Couse i thought if i dont chop anything by hand i still would like some texture when i bite in to it.

Will grill upp some tonight just to se if it feels the same.
 
Originally posted by K Kruger:
I am quite familiar with European bacon. Not all is cold smoked but, regardless, the process of curing alters the lean in ways that can affect texture, especially when heated. If using bacon in the mix it really needs to be puréed, or nearly puréed.

I am not sure what is meant by 'washing out' proteins, but the sausage mixture is kept cold so that it grinds more cleanly, so the fat doesn't smear, and for safety purposes.

Regarding "wash out proteines"- I've been told from my friend, a professional sausage maker for many years, that I should add salt to some of the mixture to- translated from Norwegian "wash out some of the proteines". This makes the filling sticky, and makes the meat mixture capable of holding moisture and bind the sausage together internally. I'm by no means an expert, and since almost noone makes sausages on hobby basis in Norway, I don't have enough knowledge. I trust his advice, though, since it has been his occupation for several years. I have also had this problem with tasty, but "grainy" sausages. I have tried to overcome this by the "wash- process", and I have conluded that it helps a lot.

Thank you for then information about bacon, I have always cut small chunks of bacon with a knife and added after grinding, rather tedious process, to get some texture to the sausage.

Now- if this is "barking up the wrong tree" to cure the grainyness- problem, what is the correct cure.

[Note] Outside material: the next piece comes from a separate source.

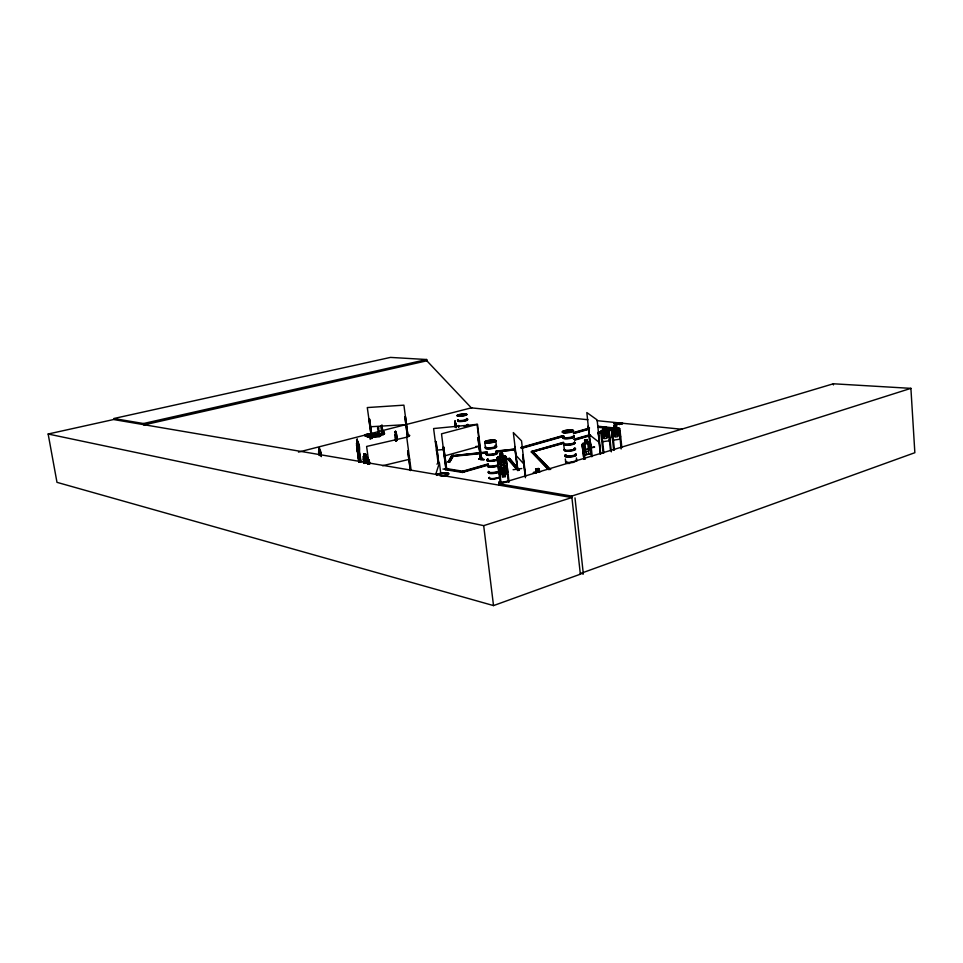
<?xml version="1.0" encoding="UTF-8"?>
<svg xmlns="http://www.w3.org/2000/svg" width="963" height="963" viewBox="0 0 963 963"><rect width="100%" height="100%" fill="white"/><g stroke="black" fill="none" stroke-linecap="round" stroke-linejoin="round"><path stroke-width="1.44" d="M454.801 425.104L455.03 420.614L455.343 423.251M379.952 434.939C379.278 435.204 379.326 433.819 380.18 435.83M379.29 434.891L379.639 434.939M379.302 434.746L379.916 435.998M383.9 433.519L383.623 431.436L382.407 431.761M383.334 432.243L382.576 432.218M363.906 463.359L363.508 456.462M364.7 457.642L366.157 457.774M382.516 431.749L383.274 432.267M383.515 433.759L382.961 432.098M395.721 441.259L395.444 434.289M446.579 473.351L445.592 473.796L447.121 473.567M445.688 473.904L446.495 473.676M445.448 473.724L446.038 473.952M356.539 443.787L357.044 442.27L356.515 443.774L359.079 462.18M319.042 455.343L318.705 451.394L318.572 452.55M379.169 434.879L380.385 434.987L380.578 435.974L367.481 437.25M455.054 423.66L455.282 427.199M535.031 473.29L536.138 473.182M360.8 461.963L357.165 439.128L356.912 443.486L358.164 450.106L358.681 447.217M383.045 434.626L381.998 425.165M383.334 434.469L364.821 435.721L384.357 433.832L384.213 432.255L382.263 432.423M384.357 433.832L364.845 435.733L366.205 434.59L384.49 433.735M505.214 476.589L504.853 473.676L506.213 472.508L505.575 467.115L503.83 465.021L501.097 465.43L499.917 467.97L500.567 473.363L502.144 474.109L502.397 477.106L505.322 476.673L504.961 473.76L506.863 473.495L507.754 472.291C507.02 465.574 507.826 458.232 498.617 462.83L498.076 465.863L499.003 473.627L500.062 474.518L502.036 474.205M498.172 465.863L498.629 462.842M368.059 436.877L369.527 436.468M506.213 467.26L506.851 464.322L505.912 456.522L504.853 455.631L498.015 456.643L497.125 457.834L498.04 465.611L499.412 468.367L506.297 467.344L506.839 464.31M384.526 433.699L366.205 434.71M365.928 434.746C368.745 433.218 366 436.251 368.01 434.229M591.39 450.78L590.873 453.717L584.312 454.921L590.945 453.802L590.692 443.064L589.645 442.161L583.012 443.269L582.121 444.449L583.915 459.387L582.495 446.23L583.373 446.146L584.794 459.303L583.373 446.146M442.968 469.029L448.409 469.667M609.266 440.753L609.82 437.84L609.266 440.753L602.718 441.716L601.478 439.092M619.907 439.068L619.787 428.788L618.8 427.921L612.299 428.872L611.421 430.004L612.203 437.491L613.467 440.139L620.003 439.164L620.581 436.275M396.912 440.536L396.082 434.494L396.226 439.995L396.684 439.477M370.057 438.875L372.5 437.587M372.777 437.551L370.105 438.839M381.914 433.627L384.249 433.302L382.395 433.41M436.973 464.19L438.562 462.312M438.141 462.288C436.757 463.492 440.115 463.203 438.141 463.251L433.603 428.547L477.504 424.298L481.681 459.255L481.777 458.352M500.423 484.184L498.978 482.246L500.784 484.064M499.352 481.789L500.916 484.112L499.388 482.114M435.77 474.229L439.417 462.902L440.705 472.953M538.799 468.572L535.633 468.825L538.799 468.572L539.16 471.665L538.714 468.656M535.982 471.942L535.633 468.825M532.948 473.278L533.947 472.099L540.761 471.617M487.17 452.923L453.26 456.342L453.176 455.68L487.194 451.924M453.26 456.342L453.332 455.343L451.767 455.487L448.156 462.216L449.745 462.059L453.417 455.993L487.278 452.586M363.099 457.232L363.508 456.342M383.069 434.638L364.881 435.372M481.897 460.049L482.391 458.183M480.946 459.303L481.873 459.146M480.513 458.665L481.717 458.352M446.447 468.331L446.724 469.162L445.881 469.318L441.523 433.832L477.058 424.406L481.295 459.363L480.874 458.52L481.717 458.448M479.129 437.539L478.382 437.611L480.561 459.471L477.913 437.78L478.671 437.647L477.913 437.78M449.745 462.059L453.332 455.343M448.156 462.216L451.767 455.487M454.801 424.081L455.68 422.805L456.342 427.632M582.302 444.497L583.145 443.377M497.221 457.858L498.04 456.655M506.815 473.399L507.657 472.267M609.748 437.852L608.953 430.413L608.026 429.606L601.55 430.461L600.671 431.593L603.115 453.128M600.768 431.617L601.574 430.473M613.684 450.13L611.445 430.028L612.372 428.98M570.277 430.93L571.817 430.617L570.734 430.413M571.89 430.642L570.409 430.955M570.878 430.894L571.215 430.666M564.113 432.724L564.968 432.58M395.685 432.664L395.564 431.809M395.047 431.797L395.6 431.183L397.117 440.284M395.131 431.785L395.588 431.292L396.551 434.108L397.286 439.597M591.186 446.639L589.38 441.62L590.957 446.507M379.867 434.602L379.675 436.143M358.802 462.204L356.611 445.231L359.235 462.023M356.659 442.655L357.983 441.451M358.031 453.128C361.161 451.238 358.946 442.306 357.526 441.728L357.165 439.128L356.719 439.754M493.477 440.898C495.488 440.633 491.118 441.186 494.067 440.476M584.998 443.052L583.686 444.244L584.264 449.637L585.925 451.695L588.562 451.25L589.729 448.71L589.151 443.329L587.635 442.607M320.655 455.391L320.426 452.405M318.633 451.491L320.21 450.034L321.365 456.39M319.487 449.312L319.355 448.433M319.788 454.789L318.958 452.273L319.415 447.795L318.681 448.385L319.15 450.997M318.765 448.373L319.403 447.903M373.066 436.408L372.525 436.468M373.187 436.383L371.79 436.648M372.163 434.217L373.776 434.193M372.296 436.275L373.909 436.034M373.608 434.084L372.187 434.409L373.463 434.132M517.637 468.343L517.492 469.378L514.808 446.627M525.666 476.408L521.537 440.885L513.327 432.568L517.781 469.33L517.396 468.56M619.847 423.551L620.461 423.022L619.883 423.973L617.452 423.876L619.847 423.551L619.317 424.49L619.763 423.648L617.452 423.876M619.317 424.49L622.748 423.251L619.269 424.057M613.913 423.515L619.185 422.889L615.718 423.696L616.2 424.165L616.2 423.287L613.913 423.515L616.248 423.72L615.754 424.117M613.949 423.937L619.221 423.311M620.365 424.009L620.894 423.058L620.449 423.901L622.784 423.672M617.391 423.13L616.898 423.539M465.382 414.499L464.142 414.547L465.081 414.355M464.335 414.499L464.936 414.102M534.646 473.182L536.114 472.014L535.753 468.921M458.328 416.028L459.11 416.028L458.304 416.124M407.253 437.13L409.781 435.457L406.964 437.094M407.939 435.661L407.843 435.685M406.855 436.757L409.407 435.156M379.073 435.095L380.325 435.023L379.603 436.576L367.673 437.118M384.381 433.482L383.226 434.53M383.105 432.977L382.046 433.615L380.686 425.875M378.435 436.215L379.494 435.432L378.676 429.245A1.637 0.614 86.4 0 0 378.315 426.802L378.218 426.814M379.253 435.89L378.387 436.42L378.339 435.553L379.591 435.481M381.24 434.385L381.167 433.097L381.3 434.084M371.574 436.179C369.142 437.708 373.391 435.577 370.334 436.251L369.467 436.949L370.334 436.251M371.814 436.817L372.669 436.119M369.503 436.299L368.624 436.841M374.559 433.832C370.972 436.107 377.267 432.929 372.717 433.94L371.441 434.987L372.717 433.94M372.151 438.43L369.599 419.17L368.889 419.266L371.501 438.466L372.212 438.418L369.599 419.17M371.116 434.289L369.804 435.083L371.08 434.048L369.238 434.157L367.95 435.192L369.238 434.157M367.385 436.913L368.263 436.383M407.385 436.42L404.929 416.967L407.457 436.408L408.18 436.299M371.489 437.756L372.212 437.647M364.845 435.132L366.169 434.337M481.295 458.544L480.405 458.713L480.573 459.471M445.7 468.536L446.627 468.367L445.821 468.5M566.425 450.961L566.063 451.009M564.174 432.339L564.583 432.712M564.101 432.519L564.848 432.519M508.921 481.043L508.043 481.163M497.125 457.834L500.218 483.197L500.062 482.282L508.019 481.344M492.948 440.609L494.163 440.609M580.292 573.563L914.85 452.706L910.902 388.354L833.344 383.78L499.075 483.811L499.243 485.171M48.15 434.012L483.679 525.642L571.914 497.546L113.562 419.531L48.15 434.012L56.986 482.343L493.525 605.595L580.352 574.201L571.745 496.089L499.075 483.811M589.356 441.644L590.15 444.051M492.767 441.03L493.863 440.681L493.176 440.536M571.745 496.089L910.902 388.354M438.009 462.396L438.815 462.336L437.888 462.493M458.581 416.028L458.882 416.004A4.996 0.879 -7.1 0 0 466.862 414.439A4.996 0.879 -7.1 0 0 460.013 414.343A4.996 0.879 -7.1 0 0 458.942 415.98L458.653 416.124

Wolgast- sorry, not meaning to hijack your thread.
 
Ah, okay. Yes, salt adds flavor so is necessary, of course, but it also denatures some of the proteins - what you are referring to as washing. This process does indeed make the sausage mixture more sticky and more sticky (what we call the 'bind') means that it fills the casing better, in a way that helps prevent a grainy finish because the fat is better assimilated (even if large pieces) into the mixture with the meat. The denatured proteins in the meat help 'hold' the fat in place.

There are, unfortunately, other issues that can cause graininess as well. Each must be addressed separately.
 
Well, I have no excact time, but it's easy to see when it happens. The mixture gets "sticky". I'm quite sure that five minutes should be enough.
 
If you are using a processor rather than a grinder and mixer then 5 minutes is too long. Longer is not better, especially in a processor as they generate too much heat. Heating the mixture can cause graininess after cooking because the fat more readily separates (this is called 'breaking') and the result is a grainy finish.

The meat mixture must be very cold - almost frozen - at the beginning. If using a processor it is wise to chop/mix for brief period, maybe 1-1.5 minutes, tops, then return the mix to the freezer to get almost frozen again. Repeat till the mix is the texture you seek, and is well blended.

It's blending that works the proteins so that they become sticky. Speed is not necessary and it can be done by hand, after grinding - as one works ground beef for hamburger patties - though this takes some muscle working with a mass of very cold ingredients.
 
I started with a grainy texture but have since corrected the problem. I now use a larger hole grinding plate for a coarser grind, and have a dedicated stuffer.

to go with what Kevin states, maybe having larger pieces of fat will keep them colder longer and less likely to smear. Also using the grinder as a stuffer creates a lot of friction and heat.
 
I also use the grinder as a stuffer. I run it at low speed, and hang a icebag over the shaft. It helps a lot.

When I make sausages, usually in January, it's at least -5 degrees fahrenheit outside, so I just place the grinder outside the door, as well as the bowl. Lots of free snow to make icepacks of, as well.

Is it worth the money to buy a dedicated stuffer? I think my machine (not the same as Wolgast, but an old Electrolux) works well.